Well if all goes well, your relationship with your fiduciary could and should last not only your lifetime, but also beyond that—including generations to follow. That’s how vital a strong fiduciary can be to family success and happiness. 

But what does a healthy client-fiduciary relationship look like in practice, and how do you ensure that relationship grows into an excellent one? Here are the five must-haves, as I see them, along with information on what you and a fiduciary should do to make it a long-lasting bond: 

Expect regular check-ins. We typically meet with our clients every 90 days at a minimum (and more or less than that if they prefer; we meet with some folks monthly and some yearly). But we find that every 90 days is just about the perfect time for Zoom or in-person meetings so that we can discuss finances or whatever else is on your mind (or check in on any life changes). 

Expect personal touches. When we meet four times a year, suffice it to say we get to know you. Not just the numbers in your bank account, but so many other things—the name of your dog or cat, the health of your aunt, your favorite sports teams, what your kids are considering for their careers, the secret ingredient in that meatloaf casserole, you name it. 

That has nothing to do with money. That’s life. And that’s what relationships are built on—the trust you have knowing that we care about you, your family, and your progress.

Have quick access. Ever been on hold for 10 minutes, 20, 30, or more? And had to listen to that annoying electronic music that can burn a hole in your eardrum? Yeah, me too. And I can’t stand it. Too bad that’s common practice for many large companies. 

With a firm like ours, you’ll get quick access to advisors when you call the office. (Our business model is about serving you well with depth and care, not about serving thousands of people and barely serving them at all.) The point is this: when you have a problem or concern, you need to know you can get to someone promptly, so we make it easy for you to do that.

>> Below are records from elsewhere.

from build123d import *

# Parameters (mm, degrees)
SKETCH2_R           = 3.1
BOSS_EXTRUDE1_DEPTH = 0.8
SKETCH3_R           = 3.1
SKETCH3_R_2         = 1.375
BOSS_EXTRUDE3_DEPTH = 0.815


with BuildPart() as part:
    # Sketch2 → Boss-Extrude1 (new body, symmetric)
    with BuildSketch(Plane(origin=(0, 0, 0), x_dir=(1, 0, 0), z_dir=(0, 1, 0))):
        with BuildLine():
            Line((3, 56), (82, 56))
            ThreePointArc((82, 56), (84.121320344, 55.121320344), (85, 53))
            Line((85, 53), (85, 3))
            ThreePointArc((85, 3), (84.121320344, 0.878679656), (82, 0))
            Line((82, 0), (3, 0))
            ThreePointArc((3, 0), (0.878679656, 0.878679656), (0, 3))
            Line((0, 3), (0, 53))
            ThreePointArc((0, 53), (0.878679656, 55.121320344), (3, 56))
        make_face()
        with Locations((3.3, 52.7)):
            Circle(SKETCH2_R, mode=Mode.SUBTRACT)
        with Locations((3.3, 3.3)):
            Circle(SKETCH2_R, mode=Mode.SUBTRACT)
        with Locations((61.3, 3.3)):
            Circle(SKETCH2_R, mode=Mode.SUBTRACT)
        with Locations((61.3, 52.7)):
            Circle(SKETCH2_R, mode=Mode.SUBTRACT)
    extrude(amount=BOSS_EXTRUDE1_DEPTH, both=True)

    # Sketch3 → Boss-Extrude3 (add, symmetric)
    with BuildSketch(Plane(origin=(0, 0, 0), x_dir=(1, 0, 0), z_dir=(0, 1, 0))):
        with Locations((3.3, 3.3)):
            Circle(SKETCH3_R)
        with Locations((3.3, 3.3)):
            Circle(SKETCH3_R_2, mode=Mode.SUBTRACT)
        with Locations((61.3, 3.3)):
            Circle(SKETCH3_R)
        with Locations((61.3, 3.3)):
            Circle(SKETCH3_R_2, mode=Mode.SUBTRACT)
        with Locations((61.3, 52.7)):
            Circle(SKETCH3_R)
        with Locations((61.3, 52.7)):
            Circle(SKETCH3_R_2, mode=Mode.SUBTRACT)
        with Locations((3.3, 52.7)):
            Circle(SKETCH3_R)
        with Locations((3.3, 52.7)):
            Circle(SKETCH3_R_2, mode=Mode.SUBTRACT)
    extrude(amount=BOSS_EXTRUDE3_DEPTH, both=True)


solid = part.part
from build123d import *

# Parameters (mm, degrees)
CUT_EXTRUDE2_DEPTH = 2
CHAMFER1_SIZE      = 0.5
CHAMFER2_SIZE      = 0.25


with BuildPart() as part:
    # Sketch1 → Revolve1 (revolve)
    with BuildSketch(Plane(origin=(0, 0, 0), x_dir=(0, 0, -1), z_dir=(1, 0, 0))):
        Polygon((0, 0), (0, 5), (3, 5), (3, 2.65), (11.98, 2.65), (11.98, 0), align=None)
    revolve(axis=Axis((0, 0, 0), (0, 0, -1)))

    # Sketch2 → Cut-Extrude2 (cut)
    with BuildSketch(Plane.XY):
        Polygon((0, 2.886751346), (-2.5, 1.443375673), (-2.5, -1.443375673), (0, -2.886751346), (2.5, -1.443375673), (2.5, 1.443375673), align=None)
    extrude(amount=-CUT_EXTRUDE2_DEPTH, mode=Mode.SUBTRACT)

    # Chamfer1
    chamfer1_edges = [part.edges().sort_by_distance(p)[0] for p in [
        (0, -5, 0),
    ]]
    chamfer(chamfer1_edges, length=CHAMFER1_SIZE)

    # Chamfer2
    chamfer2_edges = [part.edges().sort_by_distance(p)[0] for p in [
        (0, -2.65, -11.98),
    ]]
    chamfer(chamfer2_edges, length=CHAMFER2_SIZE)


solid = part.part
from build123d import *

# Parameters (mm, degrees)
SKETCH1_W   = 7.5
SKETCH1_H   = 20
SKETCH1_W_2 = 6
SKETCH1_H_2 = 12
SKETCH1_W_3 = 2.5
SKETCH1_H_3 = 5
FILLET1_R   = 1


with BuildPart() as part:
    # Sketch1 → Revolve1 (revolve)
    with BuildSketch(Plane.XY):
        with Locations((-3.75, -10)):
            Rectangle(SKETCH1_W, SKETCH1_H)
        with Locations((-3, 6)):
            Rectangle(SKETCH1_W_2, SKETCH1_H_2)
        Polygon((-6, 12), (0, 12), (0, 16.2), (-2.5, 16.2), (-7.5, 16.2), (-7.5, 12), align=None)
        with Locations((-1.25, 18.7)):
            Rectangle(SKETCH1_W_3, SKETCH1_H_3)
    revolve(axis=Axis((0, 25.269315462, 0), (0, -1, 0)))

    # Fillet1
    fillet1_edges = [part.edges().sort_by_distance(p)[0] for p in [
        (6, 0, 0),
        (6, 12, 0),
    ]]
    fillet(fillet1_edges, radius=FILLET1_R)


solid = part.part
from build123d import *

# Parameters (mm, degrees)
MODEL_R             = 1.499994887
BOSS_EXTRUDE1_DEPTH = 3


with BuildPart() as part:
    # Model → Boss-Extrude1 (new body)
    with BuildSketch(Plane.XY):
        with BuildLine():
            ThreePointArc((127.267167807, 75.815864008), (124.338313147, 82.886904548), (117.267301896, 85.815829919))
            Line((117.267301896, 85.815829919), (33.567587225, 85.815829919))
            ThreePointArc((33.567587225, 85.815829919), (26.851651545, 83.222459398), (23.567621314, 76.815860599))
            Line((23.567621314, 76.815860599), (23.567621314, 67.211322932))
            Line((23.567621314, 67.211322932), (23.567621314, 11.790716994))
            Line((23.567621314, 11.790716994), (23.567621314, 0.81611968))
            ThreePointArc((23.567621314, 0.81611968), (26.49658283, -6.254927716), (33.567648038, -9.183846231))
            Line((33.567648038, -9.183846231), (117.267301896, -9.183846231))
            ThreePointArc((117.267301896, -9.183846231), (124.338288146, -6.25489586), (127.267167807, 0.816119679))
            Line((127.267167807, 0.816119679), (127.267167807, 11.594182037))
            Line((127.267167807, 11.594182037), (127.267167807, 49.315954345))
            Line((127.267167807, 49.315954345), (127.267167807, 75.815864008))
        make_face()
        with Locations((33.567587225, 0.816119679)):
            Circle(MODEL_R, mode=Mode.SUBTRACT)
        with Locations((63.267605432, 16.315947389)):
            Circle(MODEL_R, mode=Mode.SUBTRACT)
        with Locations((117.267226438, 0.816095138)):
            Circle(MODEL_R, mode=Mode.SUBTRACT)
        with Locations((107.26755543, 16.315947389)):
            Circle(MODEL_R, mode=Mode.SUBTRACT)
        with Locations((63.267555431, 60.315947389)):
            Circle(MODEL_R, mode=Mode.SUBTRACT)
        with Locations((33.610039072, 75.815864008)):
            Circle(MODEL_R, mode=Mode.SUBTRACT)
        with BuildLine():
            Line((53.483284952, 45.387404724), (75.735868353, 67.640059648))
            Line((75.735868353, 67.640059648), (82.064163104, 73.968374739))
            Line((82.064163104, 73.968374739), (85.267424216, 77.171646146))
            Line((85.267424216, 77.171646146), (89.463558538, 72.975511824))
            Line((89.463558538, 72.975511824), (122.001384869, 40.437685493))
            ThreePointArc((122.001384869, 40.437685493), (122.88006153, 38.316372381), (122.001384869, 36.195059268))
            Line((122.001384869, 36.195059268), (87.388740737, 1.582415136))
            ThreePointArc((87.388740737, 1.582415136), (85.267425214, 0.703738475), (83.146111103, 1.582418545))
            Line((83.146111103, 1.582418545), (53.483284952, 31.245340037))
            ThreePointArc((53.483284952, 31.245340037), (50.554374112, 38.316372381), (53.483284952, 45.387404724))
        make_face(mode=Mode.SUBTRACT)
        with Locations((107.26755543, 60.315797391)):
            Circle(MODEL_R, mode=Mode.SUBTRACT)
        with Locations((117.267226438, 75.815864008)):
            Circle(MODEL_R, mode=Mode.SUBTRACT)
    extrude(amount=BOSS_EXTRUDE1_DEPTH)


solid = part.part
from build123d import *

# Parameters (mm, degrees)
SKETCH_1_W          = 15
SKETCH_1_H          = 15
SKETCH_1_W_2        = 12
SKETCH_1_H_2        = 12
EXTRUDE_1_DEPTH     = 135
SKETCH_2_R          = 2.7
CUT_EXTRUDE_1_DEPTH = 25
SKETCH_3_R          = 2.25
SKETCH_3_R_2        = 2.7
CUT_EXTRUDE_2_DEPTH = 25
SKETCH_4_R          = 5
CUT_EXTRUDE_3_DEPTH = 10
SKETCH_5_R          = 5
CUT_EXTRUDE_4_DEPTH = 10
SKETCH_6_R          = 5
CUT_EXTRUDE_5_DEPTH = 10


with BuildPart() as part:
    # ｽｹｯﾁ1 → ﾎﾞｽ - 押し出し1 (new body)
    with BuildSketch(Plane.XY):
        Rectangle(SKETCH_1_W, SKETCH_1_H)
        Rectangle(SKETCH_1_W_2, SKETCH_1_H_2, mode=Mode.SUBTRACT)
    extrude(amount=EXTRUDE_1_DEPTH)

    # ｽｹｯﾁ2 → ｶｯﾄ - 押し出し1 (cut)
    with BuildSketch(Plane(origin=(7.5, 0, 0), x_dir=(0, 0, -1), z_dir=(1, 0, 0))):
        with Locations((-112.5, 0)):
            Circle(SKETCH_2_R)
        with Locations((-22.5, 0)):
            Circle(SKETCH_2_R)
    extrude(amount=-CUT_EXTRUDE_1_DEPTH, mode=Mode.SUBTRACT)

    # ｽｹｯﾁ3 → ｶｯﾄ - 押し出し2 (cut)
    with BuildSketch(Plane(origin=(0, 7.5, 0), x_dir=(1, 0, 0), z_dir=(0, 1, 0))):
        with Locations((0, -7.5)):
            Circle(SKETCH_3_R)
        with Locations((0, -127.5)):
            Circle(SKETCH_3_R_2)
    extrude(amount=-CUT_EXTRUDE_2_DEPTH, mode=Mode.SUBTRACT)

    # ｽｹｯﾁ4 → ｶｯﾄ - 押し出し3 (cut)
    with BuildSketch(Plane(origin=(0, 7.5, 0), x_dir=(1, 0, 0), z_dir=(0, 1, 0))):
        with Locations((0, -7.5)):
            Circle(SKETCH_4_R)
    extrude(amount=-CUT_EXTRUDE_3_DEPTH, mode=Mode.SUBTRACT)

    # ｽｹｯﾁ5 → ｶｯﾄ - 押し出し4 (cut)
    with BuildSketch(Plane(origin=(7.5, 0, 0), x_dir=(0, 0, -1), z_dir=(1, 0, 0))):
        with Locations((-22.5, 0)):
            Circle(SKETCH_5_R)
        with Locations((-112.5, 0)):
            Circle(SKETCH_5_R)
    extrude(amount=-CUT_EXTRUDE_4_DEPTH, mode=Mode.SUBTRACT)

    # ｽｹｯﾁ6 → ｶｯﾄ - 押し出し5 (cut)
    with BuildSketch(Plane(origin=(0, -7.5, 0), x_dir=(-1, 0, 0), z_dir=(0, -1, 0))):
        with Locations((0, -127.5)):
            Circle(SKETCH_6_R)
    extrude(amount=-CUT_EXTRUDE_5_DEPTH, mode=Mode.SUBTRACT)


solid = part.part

No question is too weird. You wouldn’t believe some of the questions I’ve gotten serving as a fiduciary. I’ve fielded inquiries about everything from economics to what to do about children who are living in the basement after college or are spinning their wheels in college with no direction. 

All of it is fair game, and our job is to help our clients get solutions and navigate tricky waters (we’ve seen it all, and we often have just the recommendation to help. If we don’t, we’ll research it). 

You can imagine that early on, it might feel odd to tell your fiduciary that you are in a pickle with your spouse about how to spend a year-end bonus because you really, really, really want a new [fill in the blank with your vice that causes arguments with your spouse]. But over time that trust builds and builds, and you realize that a good fiduciary won’t judge you; we only want to help. 

Honesty above all else. For this relationship to work in the short and long term, there’s one key ingredient, and that’s honesty. We pledge to be honest with you, even if the truth hurts (no, you can’t afford the sailboat right now, but let’s work on ways to get one within three years). So, in return, we need you to be straightforward with us.

When all of this works together, you get the final result: a firm that has a team of people with complementary skill sets and specialties who are on call for you to help you navigate and leap over the hurdles in life. I’m proud to say that many, many of our clients have become close  friends. How many people can say that about the robotic voice on the other end of the phone when they’re trying to talk to someone about changing their 401K allocations? Not too many at all.